Exercise brief
Every line in the records below between the one holding "derivativesConstant = 5" and the one holding "Zpoints = [0", inclusive, is to be set down exactly; all other lines are to be left out.

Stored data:
--

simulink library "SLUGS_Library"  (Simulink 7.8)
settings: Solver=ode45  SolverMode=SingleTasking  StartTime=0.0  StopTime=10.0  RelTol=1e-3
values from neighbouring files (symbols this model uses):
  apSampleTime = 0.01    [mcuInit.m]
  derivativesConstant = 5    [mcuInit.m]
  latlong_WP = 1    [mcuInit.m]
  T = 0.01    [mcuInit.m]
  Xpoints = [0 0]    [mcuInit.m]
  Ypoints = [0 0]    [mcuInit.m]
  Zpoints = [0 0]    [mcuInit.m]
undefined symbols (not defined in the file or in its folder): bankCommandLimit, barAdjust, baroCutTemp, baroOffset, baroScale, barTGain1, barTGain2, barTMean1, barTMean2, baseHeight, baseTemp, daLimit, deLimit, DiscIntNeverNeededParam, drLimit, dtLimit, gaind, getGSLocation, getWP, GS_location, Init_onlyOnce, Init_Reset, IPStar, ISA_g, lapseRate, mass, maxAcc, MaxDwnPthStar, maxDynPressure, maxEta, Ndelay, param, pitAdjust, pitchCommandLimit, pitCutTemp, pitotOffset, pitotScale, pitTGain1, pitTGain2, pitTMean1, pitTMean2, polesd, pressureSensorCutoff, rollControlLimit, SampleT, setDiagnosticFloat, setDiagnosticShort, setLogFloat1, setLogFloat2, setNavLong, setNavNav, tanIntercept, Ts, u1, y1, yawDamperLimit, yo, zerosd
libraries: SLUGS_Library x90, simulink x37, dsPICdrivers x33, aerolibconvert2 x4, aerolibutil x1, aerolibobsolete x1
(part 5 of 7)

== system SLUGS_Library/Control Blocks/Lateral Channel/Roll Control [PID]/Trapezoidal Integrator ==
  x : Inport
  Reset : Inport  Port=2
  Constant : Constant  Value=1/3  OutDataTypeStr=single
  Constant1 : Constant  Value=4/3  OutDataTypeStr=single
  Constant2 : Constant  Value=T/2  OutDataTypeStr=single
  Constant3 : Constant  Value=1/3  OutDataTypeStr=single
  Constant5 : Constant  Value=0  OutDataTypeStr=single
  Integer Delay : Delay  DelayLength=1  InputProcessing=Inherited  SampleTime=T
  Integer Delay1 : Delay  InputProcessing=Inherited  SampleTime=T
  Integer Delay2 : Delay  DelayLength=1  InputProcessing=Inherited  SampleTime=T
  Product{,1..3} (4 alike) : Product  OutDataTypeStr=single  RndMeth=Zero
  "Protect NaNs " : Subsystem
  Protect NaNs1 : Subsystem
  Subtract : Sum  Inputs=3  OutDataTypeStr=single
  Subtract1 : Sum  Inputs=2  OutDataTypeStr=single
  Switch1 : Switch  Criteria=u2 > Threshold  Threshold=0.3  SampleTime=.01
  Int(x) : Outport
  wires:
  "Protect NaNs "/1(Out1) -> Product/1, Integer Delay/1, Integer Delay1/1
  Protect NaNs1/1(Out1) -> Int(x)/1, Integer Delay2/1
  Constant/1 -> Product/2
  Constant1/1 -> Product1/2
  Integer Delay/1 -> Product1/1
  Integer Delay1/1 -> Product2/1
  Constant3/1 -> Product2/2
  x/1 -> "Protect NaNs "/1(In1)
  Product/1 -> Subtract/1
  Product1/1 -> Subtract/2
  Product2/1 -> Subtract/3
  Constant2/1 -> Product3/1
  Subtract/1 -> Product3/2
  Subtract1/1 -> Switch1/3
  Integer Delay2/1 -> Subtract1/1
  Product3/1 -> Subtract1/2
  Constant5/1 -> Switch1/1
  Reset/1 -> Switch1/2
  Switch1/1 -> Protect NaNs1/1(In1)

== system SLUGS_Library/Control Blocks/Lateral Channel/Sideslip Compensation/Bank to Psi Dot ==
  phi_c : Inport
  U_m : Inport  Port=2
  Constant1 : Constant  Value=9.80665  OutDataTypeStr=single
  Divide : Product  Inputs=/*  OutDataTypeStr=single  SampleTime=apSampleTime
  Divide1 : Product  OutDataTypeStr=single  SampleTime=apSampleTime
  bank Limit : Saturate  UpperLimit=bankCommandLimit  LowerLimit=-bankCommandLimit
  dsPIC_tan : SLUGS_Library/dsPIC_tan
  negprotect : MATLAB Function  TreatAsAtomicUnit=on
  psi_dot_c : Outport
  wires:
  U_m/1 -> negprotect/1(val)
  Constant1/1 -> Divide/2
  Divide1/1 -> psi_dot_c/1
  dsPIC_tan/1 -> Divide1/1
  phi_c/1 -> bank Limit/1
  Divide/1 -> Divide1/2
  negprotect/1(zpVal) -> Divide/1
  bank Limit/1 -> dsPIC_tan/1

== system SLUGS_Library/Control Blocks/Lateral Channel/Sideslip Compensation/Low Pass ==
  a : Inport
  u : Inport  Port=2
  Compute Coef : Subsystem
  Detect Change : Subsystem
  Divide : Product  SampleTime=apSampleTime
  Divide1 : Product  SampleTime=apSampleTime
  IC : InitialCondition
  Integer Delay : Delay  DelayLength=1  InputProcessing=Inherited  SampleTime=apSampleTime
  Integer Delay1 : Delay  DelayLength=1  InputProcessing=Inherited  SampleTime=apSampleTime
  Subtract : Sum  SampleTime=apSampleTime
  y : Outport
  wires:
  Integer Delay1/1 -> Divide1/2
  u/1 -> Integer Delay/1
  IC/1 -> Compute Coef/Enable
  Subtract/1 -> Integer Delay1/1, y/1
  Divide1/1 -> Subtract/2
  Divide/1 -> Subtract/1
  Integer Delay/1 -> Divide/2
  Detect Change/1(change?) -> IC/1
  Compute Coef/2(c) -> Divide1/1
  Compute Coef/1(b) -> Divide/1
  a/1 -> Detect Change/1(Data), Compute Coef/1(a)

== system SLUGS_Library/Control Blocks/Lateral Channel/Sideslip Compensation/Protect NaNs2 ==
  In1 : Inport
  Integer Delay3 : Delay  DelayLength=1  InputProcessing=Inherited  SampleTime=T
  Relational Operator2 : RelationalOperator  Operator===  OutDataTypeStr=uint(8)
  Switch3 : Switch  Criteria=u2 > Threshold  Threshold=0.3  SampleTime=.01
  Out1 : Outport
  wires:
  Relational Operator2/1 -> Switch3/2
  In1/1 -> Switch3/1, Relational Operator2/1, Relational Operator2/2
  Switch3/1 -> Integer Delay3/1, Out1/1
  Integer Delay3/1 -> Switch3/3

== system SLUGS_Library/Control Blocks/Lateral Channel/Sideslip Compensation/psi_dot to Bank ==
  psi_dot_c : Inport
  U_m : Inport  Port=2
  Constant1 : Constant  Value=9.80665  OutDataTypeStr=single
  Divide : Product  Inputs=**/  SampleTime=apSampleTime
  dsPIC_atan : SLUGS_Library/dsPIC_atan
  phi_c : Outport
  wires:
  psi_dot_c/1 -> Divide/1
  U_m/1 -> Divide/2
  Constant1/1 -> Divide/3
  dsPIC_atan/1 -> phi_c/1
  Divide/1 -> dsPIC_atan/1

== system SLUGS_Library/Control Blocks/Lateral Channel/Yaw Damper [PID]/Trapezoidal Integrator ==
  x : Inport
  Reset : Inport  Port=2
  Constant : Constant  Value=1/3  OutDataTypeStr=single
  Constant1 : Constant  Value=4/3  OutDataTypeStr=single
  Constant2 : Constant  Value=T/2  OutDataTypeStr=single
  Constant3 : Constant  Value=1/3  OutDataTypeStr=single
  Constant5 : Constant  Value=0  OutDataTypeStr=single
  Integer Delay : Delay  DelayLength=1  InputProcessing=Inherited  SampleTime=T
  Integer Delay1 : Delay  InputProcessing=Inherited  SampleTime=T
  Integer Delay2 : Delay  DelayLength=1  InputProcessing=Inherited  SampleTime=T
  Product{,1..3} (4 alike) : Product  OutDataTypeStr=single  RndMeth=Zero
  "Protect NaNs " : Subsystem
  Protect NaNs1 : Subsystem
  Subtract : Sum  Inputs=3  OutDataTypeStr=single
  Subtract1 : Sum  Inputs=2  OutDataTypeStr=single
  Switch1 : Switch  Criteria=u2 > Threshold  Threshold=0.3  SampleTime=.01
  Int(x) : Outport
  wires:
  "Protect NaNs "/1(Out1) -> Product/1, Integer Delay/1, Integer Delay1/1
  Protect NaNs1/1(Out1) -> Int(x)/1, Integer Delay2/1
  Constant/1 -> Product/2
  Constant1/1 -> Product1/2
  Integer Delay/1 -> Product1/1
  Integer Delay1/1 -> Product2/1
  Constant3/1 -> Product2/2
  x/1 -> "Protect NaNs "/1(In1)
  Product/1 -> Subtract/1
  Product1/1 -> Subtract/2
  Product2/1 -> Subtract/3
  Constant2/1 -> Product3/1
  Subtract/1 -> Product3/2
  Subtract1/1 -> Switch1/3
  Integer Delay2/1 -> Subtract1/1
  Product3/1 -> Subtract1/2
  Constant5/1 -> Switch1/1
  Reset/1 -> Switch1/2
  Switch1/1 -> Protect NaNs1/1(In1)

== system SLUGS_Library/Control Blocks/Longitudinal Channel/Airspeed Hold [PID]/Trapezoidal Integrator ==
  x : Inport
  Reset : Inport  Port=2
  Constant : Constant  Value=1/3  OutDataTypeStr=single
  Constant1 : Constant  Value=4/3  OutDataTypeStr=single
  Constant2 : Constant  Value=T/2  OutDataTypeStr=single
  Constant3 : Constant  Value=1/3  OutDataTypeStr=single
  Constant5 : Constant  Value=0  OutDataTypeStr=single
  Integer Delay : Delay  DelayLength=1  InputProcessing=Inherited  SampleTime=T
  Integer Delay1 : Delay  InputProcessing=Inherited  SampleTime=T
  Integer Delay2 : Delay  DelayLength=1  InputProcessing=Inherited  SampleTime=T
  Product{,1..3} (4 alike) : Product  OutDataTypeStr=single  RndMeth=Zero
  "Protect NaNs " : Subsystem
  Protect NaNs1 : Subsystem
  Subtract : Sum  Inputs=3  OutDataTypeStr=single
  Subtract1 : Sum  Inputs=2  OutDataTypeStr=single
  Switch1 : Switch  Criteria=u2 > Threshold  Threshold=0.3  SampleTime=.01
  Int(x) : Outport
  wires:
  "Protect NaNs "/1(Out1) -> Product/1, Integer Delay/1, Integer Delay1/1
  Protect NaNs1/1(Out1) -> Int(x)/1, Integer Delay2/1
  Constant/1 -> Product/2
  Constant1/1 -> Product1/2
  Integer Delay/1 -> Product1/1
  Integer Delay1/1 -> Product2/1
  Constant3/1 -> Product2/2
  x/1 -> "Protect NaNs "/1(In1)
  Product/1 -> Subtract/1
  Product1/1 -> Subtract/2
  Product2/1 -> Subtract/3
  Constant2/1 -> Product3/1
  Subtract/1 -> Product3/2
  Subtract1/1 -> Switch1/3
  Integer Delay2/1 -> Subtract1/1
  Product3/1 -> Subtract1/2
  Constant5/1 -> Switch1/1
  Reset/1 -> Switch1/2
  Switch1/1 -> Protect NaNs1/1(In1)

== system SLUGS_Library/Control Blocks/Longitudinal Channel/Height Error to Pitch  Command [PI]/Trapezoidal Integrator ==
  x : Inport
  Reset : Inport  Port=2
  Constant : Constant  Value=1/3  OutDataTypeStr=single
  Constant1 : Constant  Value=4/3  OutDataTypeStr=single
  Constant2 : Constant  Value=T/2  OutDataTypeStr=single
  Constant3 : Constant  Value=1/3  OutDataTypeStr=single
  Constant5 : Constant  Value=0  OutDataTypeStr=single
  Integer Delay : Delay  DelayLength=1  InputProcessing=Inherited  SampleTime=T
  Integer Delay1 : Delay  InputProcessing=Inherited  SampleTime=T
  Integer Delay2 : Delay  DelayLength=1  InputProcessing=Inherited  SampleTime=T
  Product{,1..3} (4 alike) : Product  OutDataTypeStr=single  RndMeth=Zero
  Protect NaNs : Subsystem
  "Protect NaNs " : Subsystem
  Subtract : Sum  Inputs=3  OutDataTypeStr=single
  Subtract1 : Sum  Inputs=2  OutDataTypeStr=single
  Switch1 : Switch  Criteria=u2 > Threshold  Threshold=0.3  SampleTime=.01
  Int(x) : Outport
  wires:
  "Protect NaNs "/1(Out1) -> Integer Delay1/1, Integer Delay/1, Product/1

--

Written reply
  derivativesConstant = 5    [mcuInit.m]
  latlong_WP = 1    [mcuInit.m]
  T = 0.01    [mcuInit.m]
  Xpoints = [0 0]    [mcuInit.m]
  Ypoints = [0 0]    [mcuInit.m]
  Zpoints = [0 0]    [mcuInit.m]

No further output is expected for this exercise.